И, честно говоря, я думал так же. Перечисление пользователей обычно не стоит того, чтобы о нём сообщать. Но моё любопытство не дало мне остановиться на этом.

Шаг 2 — Детальное изучение ссылки для сброса пароля

Когда я проверил свою почту, ссылка выглядела так...

https://redacted.com/reset-password?email=shiohz0test@gmail.com&token=O4AiLBPhZNvr

Она содержала два параметра:

- адрес моей электронной почты

- токен для сброса

Открыв ее, я попал на привычную страницу «Создать новый пароль». Пока ничего необычного.

Шаг 3 — Небольшой эксперимент

Я решил попробовать простой трюк...

Я запросил ещё одну ссылку для сброса на тот же адрес электронной почты (shiohz0test@gmail.com). Когда я получил свежую ссылку с новым токеном, я изменил адрес электронной почты в URL и открыл её. Вместо моего исходного адреса я подставил другой тестовый аккаунт, которым владел:

https://redacted.com/reset-password?email=testshiozhy@gmail.com&token=sYrUIKzYt46

Вуаля!

Страница без проблем загрузилась и позволила мне сбросить пароль для testshiozhy@gmail.com, хотя я никогда не запрашивал сброс для этого аккаунта.

В приложении была серьёзная ошибка. Оно напрямую доверяло параметру email из URL и не проверяло, действительно ли токен сброса принадлежит этому адресу. Это несоответствие позволило мне сбросить пароль другого пользователя без его участия.

Таким образом, имея всего один токен (который я получил для своего аккаунта), я мог захватить любой аккаунт, просто заменив email в ссылке.

Жертве даже не нужно было ничего нажимать. Никакой социальной инженерии. Никакой сложной цепочки эксплойтов. Просто 0-click account takeover.

Токен для сброса пароля должен был истечь примерно через 10 минут и мог использоваться только один раз, что обычно является надёжной мерой безопасности. Но поскольку токен не был корректно привязан к конкретному адресу электронной почты, эта защита была обойдена и всё равно привела к захвату аккаунта.

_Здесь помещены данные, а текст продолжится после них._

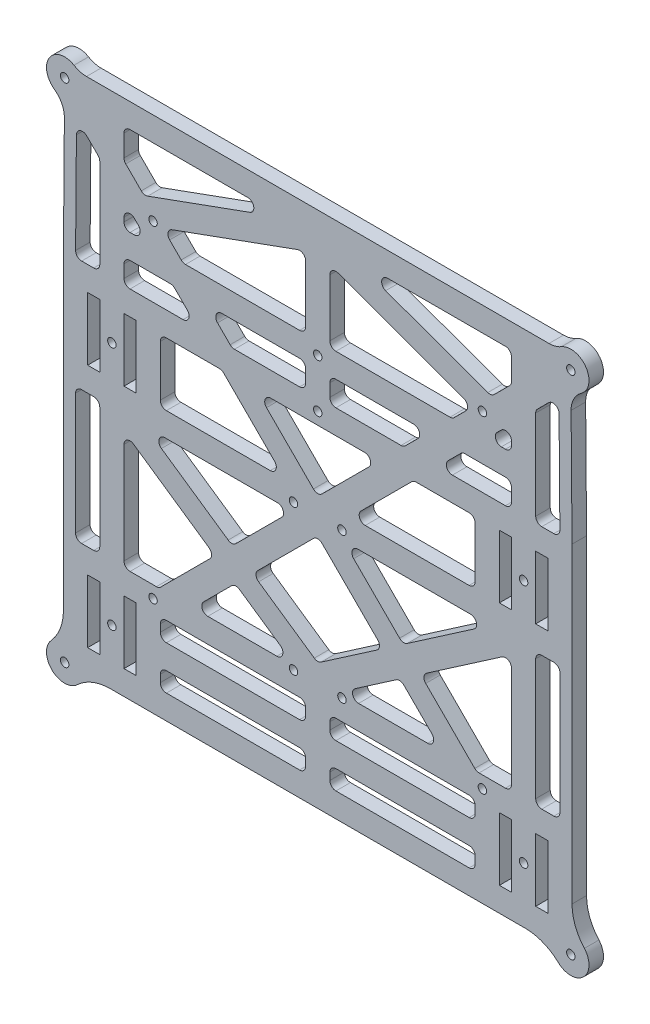
from build123d import *

# Parameters (mm, degrees)
SZKIC3_W                      = 10
SZKIC3_H                      = 209
DODANIE_WYCI_GNI_CIE1_DEPTH   = 6
DODANIE_WYCI_GNI_CIE1_2_DEPTH = 6
SZKIC4_W                      = 190
SZKIC4_H                      = 10
DODANIE_WYCI_GNI_CIE2_DEPTH   = 6
SZKIC5_W                      = 10
SZKIC5_H                      = 26
DODANIE_WYCI_GNI_CIE3_DEPTH   = 6
SZKIC6_W                      = 10
SZKIC6_H                      = 46
DODANIE_WYCI_GNI_CIE4_DEPTH   = 6
SZKIC7_R                      = 7.5
DODANIE_WYCI_GNI_CIE5_DEPTH   = 6
ZAOKR_GLENIE1_R               = 20
SZKIC8_R                      = 7.5
DODANIE_WYCI_GNI_CIE6_DEPTH   = 6
DODANIE_WYCI_GNI_CIE6_2_DEPTH = 6
SZKIC9_W                      = 209
SZKIC9_H                      = 10
DODANIE_WYCI_GNI_CIE7_DEPTH   = 6
DODANIE_WYCI_GNI_CIE8_DEPTH   = 6
SZKIC11_W                     = 160
SZKIC11_H                     = 10
SZKIC11_W_2                   = 130
DODANIE_WYCI_GNI_CIE9_DEPTH   = 6
DODANIE_WYCI_GNI_CIE10_DEPTH  = 6
DODANIE_WYCI_GNI_CIE11_DEPTH  = 6
SZKIC14_W                     = 4.999837417
SZKIC14_H                     = 55
DODANIE_WYCI_GNI_CIE12_DEPTH  = 6
SZKIC15_W                     = 10
SZKIC15_H                     = 51.681071281
DODANIE_WYCI_GNI_CIE13_DEPTH  = 6
SZKIC16_W                     = 10
SZKIC16_H                     = 26
DODANIE_WYCI_GNI_CIE14_DEPTH  = 6
DODANIE_WYCI_GNI_CIE15_DEPTH  = 6
ZAOKR_GLENIE2_R               = 2.5
ZAOKR_GLENIE3_R               = 10
WYTNIJ_WYCI_GNI_CIE1_REACH    = 160.506
SZKIC1_R                      = 1.75
WYTNIJ_WYCI_GNI_CIE2_REACH    = 160.506
SZKIC18_R                     = 1.75
WYTNIJ_WYCI_GNI_CIE3_REACH    = 160.506
SZKIC19_R                     = 1.75
WYTNIJ_WYCI_GNI_CIE4_REACH    = 160.506
SZKIC20_R                     = 1.75


with BuildPart() as part:
    # Szkic3 → Dodanie-wyciągnięcie1 (new body)
    with BuildSketch(Plane.XY):
        with Locations((-85, 0)):
            Rectangle(SZKIC3_W, SZKIC3_H)
    extrude(amount=DODANIE_WYCI_GNI_CIE1_DEPTH)



with BuildPart() as body_2:
    # Szkic3 → Dodanie-wyci_gni_cie1 2 (new body)
    with BuildSketch(Plane.XY):
        with Locations((85, 0)):
            Rectangle(SZKIC3_W, SZKIC3_H)
    extrude(amount=DODANIE_WYCI_GNI_CIE1_2_DEPTH)


with BuildPart() as part_1:
    add(part.part)

    add(body_2.part)  # Dodanie-wyciągnięcie2 merges body 2
    # Szkic4 → Dodanie-wyciągnięcie2 (add)
    with BuildSketch(Plane.XY):
        with Locations((0, -99.5)):
            Rectangle(SZKIC4_W, SZKIC4_H)
        with Locations((0, -63.5)):
            Rectangle(SZKIC4_W, SZKIC4_H)
        with Locations((0, 1.5)):
            Rectangle(SZKIC4_W, SZKIC4_H)
        with Locations((0, 37.5)):
            Rectangle(SZKIC4_W, SZKIC4_H)
    extrude(amount=DODANIE_WYCI_GNI_CIE2_DEPTH)

    # Szkic5 → Dodanie-wyciągnięcie3 (add)
    with BuildSketch(Plane.XY.offset(6)):
        with Locations((-70, -81.5)):
            Rectangle(SZKIC5_W, SZKIC5_H)
        with Locations((-70, 19.5)):
            Rectangle(SZKIC5_W, SZKIC5_H)
        with Locations((70, 19.5)):
            Rectangle(SZKIC5_W, SZKIC5_H)
        with Locations((70, -81.5)):
            Rectangle(SZKIC5_W, SZKIC5_H)
    extrude(amount=-DODANIE_WYCI_GNI_CIE3_DEPTH)

    # Szkic6 → Dodanie-wyciągnięcie4 (add)
    with BuildSketch(Plane.XY):
        with Locations((-100, 19.5)):
            Rectangle(SZKIC6_W, SZKIC6_H)
        with Locations((-100, -81.5)):
            Rectangle(SZKIC6_W, SZKIC6_H)
        with Locations((100, -81.5)):
            Rectangle(SZKIC6_W, SZKIC6_H)
        with Locations((100, 19.5)):
            Rectangle(SZKIC6_W, SZKIC6_H)
    extrude(amount=DODANIE_WYCI_GNI_CIE4_DEPTH)

    # Szkic7 → Dodanie-wyciągnięcie5 (add)
    with BuildSketch(Plane.XY.offset(6)):
        with Locations((-104.5, -104.5)):
            Circle(SZKIC7_R)
        with Locations((104.5, -104.5)):
            Circle(SZKIC7_R)
    extrude(amount=-DODANIE_WYCI_GNI_CIE5_DEPTH)

    # Zaokrąglenie1
    zaokr_glenie1_edges = [part_1.edges().sort_by_distance(p)[0] for p in [
        (-105, -97.016685226, 3),
        (-97, -104.5, 3),
        (105, -97.016685226, 3),
        (97, -104.5, 3),
    ]]
    fillet(zaokr_glenie1_edges, radius=ZAOKR_GLENIE1_R)



with BuildPart() as body_2_2:
    # Szkic8 → Dodanie-wyciągnięcie6 (new body)
    with BuildSketch(Plane.XY.offset(6)):
        with Locations((-104.5, 104.5)):
            Circle(SZKIC8_R)
    extrude(amount=-DODANIE_WYCI_GNI_CIE6_DEPTH)


with BuildPart() as body_3:
    # Szkic8 → Dodanie-wyci_gni_cie6 2 (new body)
    with BuildSketch(Plane.XY.offset(6)):
        with Locations((104.5, 104.5)):
            Circle(SZKIC8_R)
    extrude(amount=-DODANIE_WYCI_GNI_CIE6_2_DEPTH)


with BuildPart() as part_2:
    add(part_1.part)

    add(body_2_2.part)  # Dodanie-wyciągnięcie7 merges body 2 2

    add(body_3.part)  # Dodanie-wyciągnięcie7 merges body 3
    # Szkic9 → Dodanie-wyciągnięcie7 (add)
    with BuildSketch(Plane.XY):
        with Locations((0, 104.5)):
            Rectangle(SZKIC9_W, SZKIC9_H)
    extrude(amount=DODANIE_WYCI_GNI_CIE7_DEPTH)

    # Szkic10 → Dodanie-wyciągnięcie8 (add)
    with BuildSketch(Plane.XY):
        Polygon((-100.964466094, 108.035533906), (-108.035533906, 100.964466094), (-7.071067812, 0), (0, 7.071067812), align=None)
        Polygon((100.964466094, 108.035533906), (0, 7.071067812), (7.071067812, 0), (108.035533906, 100.964466094), align=None)
        Polygon((0, -7.071067812), (-7.071067812, 0), (-65.571067812, -58.5), (-51.428932188, -58.5), align=None)
        Polygon((0, 7.071067812), (-7.071067812, 0), (0, -7.071067812), (7.071067812, 0), align=None)
        Polygon((7.071067812, 0), (0, -7.071067812), (51.428932188, -58.5), (65.571067812, -58.5), align=None)
    extrude(amount=DODANIE_WYCI_GNI_CIE8_DEPTH)

    # Szkic11 → Dodanie-wyciągnięcie9 (add)
    with BuildSketch(Plane(origin=(0, 0, 0), x_dir=(-1, 0, 0), z_dir=(0, 0, -1))):
        with Locations((0, 57.714466094)):
            Rectangle(SZKIC11_W, SZKIC11_H)
        with Locations((0, -81.5)):
            Rectangle(SZKIC11_W_2, SZKIC11_H)
    extrude(amount=-DODANIE_WYCI_GNI_CIE9_DEPTH)

    # Szkic12 → Dodanie-wyciągnięcie10 (add)
    with BuildSketch(Plane(origin=(0, 0, 0), x_dir=(-1, 0, 0), z_dir=(0, 0, -1))):
        Polygon((-82.832644114, -7.620209621), (0, -64.56765245), (82.832644114, -7.620209621), (77.167355886, 0.620209621), (0, -52.43234755), (-77.167355886, 0.620209621), align=None)
    extrude(amount=-DODANIE_WYCI_GNI_CIE10_DEPTH)

    # Szkic13 → Dodanie-wyciągnięcie11 (add)
    with BuildSketch(Plane(origin=(0, 0, 0), x_dir=(-1, 0, 0), z_dir=(0, 0, -1))):
        Polygon((-63.918821819, 70.989889631), (0, 94.181071281), (63.918821819, 70.989889631), (71.724576463, 78.795644275), (0, 104.818928719), (-71.724576463, 78.795644275), align=None)
    extrude(amount=-DODANIE_WYCI_GNI_CIE11_DEPTH)

    # Szkic14 → Dodanie-wyciągnięcie12 (add)
    with BuildSketch(Plane(origin=(0, 0, 0), x_dir=(-1, 0, 0), z_dir=(0, 0, -1))):
        Polygon((99.500162583, 104.459678731), (100.000162583, 42.459678731), (105, 42.5), (104.5, 104.5), align=None)
        Polygon((-99.500162583, 104.459678731), (-100.000162583, 42.459678731), (-105, 42.5), (-104.5, 104.5), align=None)
        with Locations((102.500081292, -31)):
            Rectangle(SZKIC14_W, SZKIC14_H)
        with Locations((-102.500081292, -31)):
            Rectangle(SZKIC14_W, SZKIC14_H)
    extrude(amount=-DODANIE_WYCI_GNI_CIE12_DEPTH)

    # Szkic15 → Dodanie-wyciągnięcie13 (add)
    with BuildSketch(Plane(origin=(0, 0, 0), x_dir=(-1, 0, 0), z_dir=(0, 0, -1))):
        with Locations((0, 68.340535641)):
            Rectangle(SZKIC15_W, SZKIC15_H)
    extrude(amount=-DODANIE_WYCI_GNI_CIE13_DEPTH)

    # Szkic16 → Dodanie-wyciągnięcie14 (add)
    with BuildSketch(Plane(origin=(0, 0, 0), x_dir=(-1, 0, 0), z_dir=(0, 0, -1))):
        with Locations((0, -81.5)):
            Rectangle(SZKIC16_W, SZKIC16_H)
    extrude(amount=-DODANIE_WYCI_GNI_CIE14_DEPTH)

    # Szkic17 → Dodanie-wyciągnięcie15 (add)
    with BuildSketch(Plane.XY.offset(6)):
        Polygon((-90, 97.071067812), (-90, 99.5), (-92.428932188, 99.5), align=None)
        Polygon((92.428932188, 99.5), (90, 99.5), (90, 97.071067812), align=None)
    extrude(amount=-DODANIE_WYCI_GNI_CIE15_DEPTH)

    # Zaokrąglenie2
    zaokr_glenie2_edges = [part_2.edges().sort_by_distance(p)[0] for p in [
        (-5, -76.5, 3),
        (-5, -68.5, 3),
        (5, -76.5, 3),
        (5, -68.5, 3),
        (-5, -94.5, 3),
        (5, -94.5, 3),
        (-90, -3.5, 3),
        (90, -3.5, 3),
        (-90, 42.5, 3),
        (-80, 42.5, 3),
        (80, 42.5, 3),
        (90, 42.5, 3),
        (-65, -68.5, 3),
        (-65, -94.5, 3),
        (-65, 32.5, 3),
        (-65, 6.5, 3),
        (65, 6.5, 3),
        (65, 32.5, 3),
        (65, -94.5, 3),
        (65, -68.5, 3),
        (-80, 99.5, 3),
        (80, 99.5, 3),
        (-10.571067812, -3.5, 3),
        (10.571067812, -3.5, 3),
        (65.571067812, -58.5, 3),
        (0, 7.071067812, 3),
        (-80, 87.071067812, 3),
        (-25.428932188, 32.5, 3),
        (-35.428932188, 42.5, 3),
        (80, 87.071067812, 3),
        (35.428932188, 42.5, 3),
        (25.428932188, 32.5, 3),
        (-90, 82.928932188, 3),
        (-80, 72.928932188, 3),
        (-49.571067812, 42.5, 3),
        (-13.571067812, 6.5, 3),
        (-39.571067812, 32.5, 3),
        (13.571067812, 6.5, 3),
        (80, 72.928932188, 3),
        (90, 82.928932188, 3),
        (39.571067812, 32.5, 3),
        (49.571067812, 42.5, 3),
        (51.428932188, -58.5, 3),
        (0, -7.071067812, 3),
        (-51.428932188, -58.5, 3),
        (-65.571067812, -58.5, 3),
        (90, -58.5, 3),
        (-69.785533906, 62.714466094, 3),
        (-59.785533906, 52.714466094, 3),
        (45.643398282, 52.714466094, 3),
        (-45.643398282, 52.714466094, 3),
        (-80, 52.714466094, 3),
        (55.643398282, 62.714466094, 3),
        (-55.643398282, 62.714466094, 3),
        (-80, 62.714466094, 3),
        (59.785533906, 52.714466094, 3),
        (80, 52.714466094, 3),
        (69.785533906, 62.714466094, 3),
        (80, 62.714466094, 3),
        (65, -86.5, 3),
        (65, -76.5, 3),
        (-65, -76.5, 3),
        (-65, -86.5, 3),
        (34.072050156, -41.143117968, 3),
        (26.880758364, -33.951826175, 3),
        (-34.072050156, -41.143117968, 3),
        (-90, -58.5, 3),
        (-26.880758364, -33.951826175, 3),
        (-80, -58.5, 3),
        (80, -58.5, 3),
        (-71.17432371, -3.5, 3),
        (-35.261283178, -28.190215366, 3),
        (-80, -9.56765245, 3),
        (-42.45257497, -35.381507158, 3),
        (35.261283178, -28.190215366, 3),
        (42.45257497, -35.381507158, 3),
        (8.82567629, -58.5, 3),
        (71.17432371, -3.5, 3),
        (0, -52.43234755, 3),
        (-8.82567629, -58.5, 3),
        (80, -9.56765245, 3),
        (71.724576463, 78.795644275, 3),
        (-63.918821819, 70.989889631, 3),
        (63.918821819, 70.989889631, 3),
        (14.659867798, 99.5, 3),
        (-14.659867798, 99.5, 3),
        (-71.724576463, 78.795644275, 3),
        (99.596407255, 92.525339443, 3),
        (99.999837412, 42.5, 3),
        (-99.596407255, 92.525339443, 3),
        (-99.999837412, 42.5, 3),
        (-100.000162583, -3.5, 3),
        (-100.000162583, -58.5, 3),
        (100.000162583, -58.5, 3),
        (100.000162583, -3.5, 3),
        (5, 92.366959178, 3),
        (-5, 92.366959178, 3),
        (-5, 62.714466094, 3),
        (5, 62.714466094, 3),
        (-5, 52.714466094, 3),
        (-5, 42.5, 3),
        (5, 52.714466094, 3),
        (5, 42.5, 3),
        (5, -86.5, 3),
        (-5, -86.5, 3),
    ]]
    fillet(zaokr_glenie2_edges, radius=ZAOKR_GLENIE2_R)

    # Zaokrąglenie3
    zaokr_glenie3_edges = [part_2.edges().sort_by_distance(p)[0] for p in [
        (-98.909830056, 109.5, 3),
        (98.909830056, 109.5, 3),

Обычно вероятность таких багов невелика, но когда они встречаются, последствия могут быть огромными. Именно поэтому важно тестировать даже самые мелкие детали.

То, что сначала казалось бесполезной ошибкой, превратилось в одну из самых серьёзных уязвимостей — полный захват аккаунта. Так что в следующий раз, когда наткнётесь на что-то незначительное, не игнорируйте это. Поиграйте с этим, и кто знает — возможно, вы наткнётесь на уязвимость, меняющую правила игры. Любопытство всегда окупается.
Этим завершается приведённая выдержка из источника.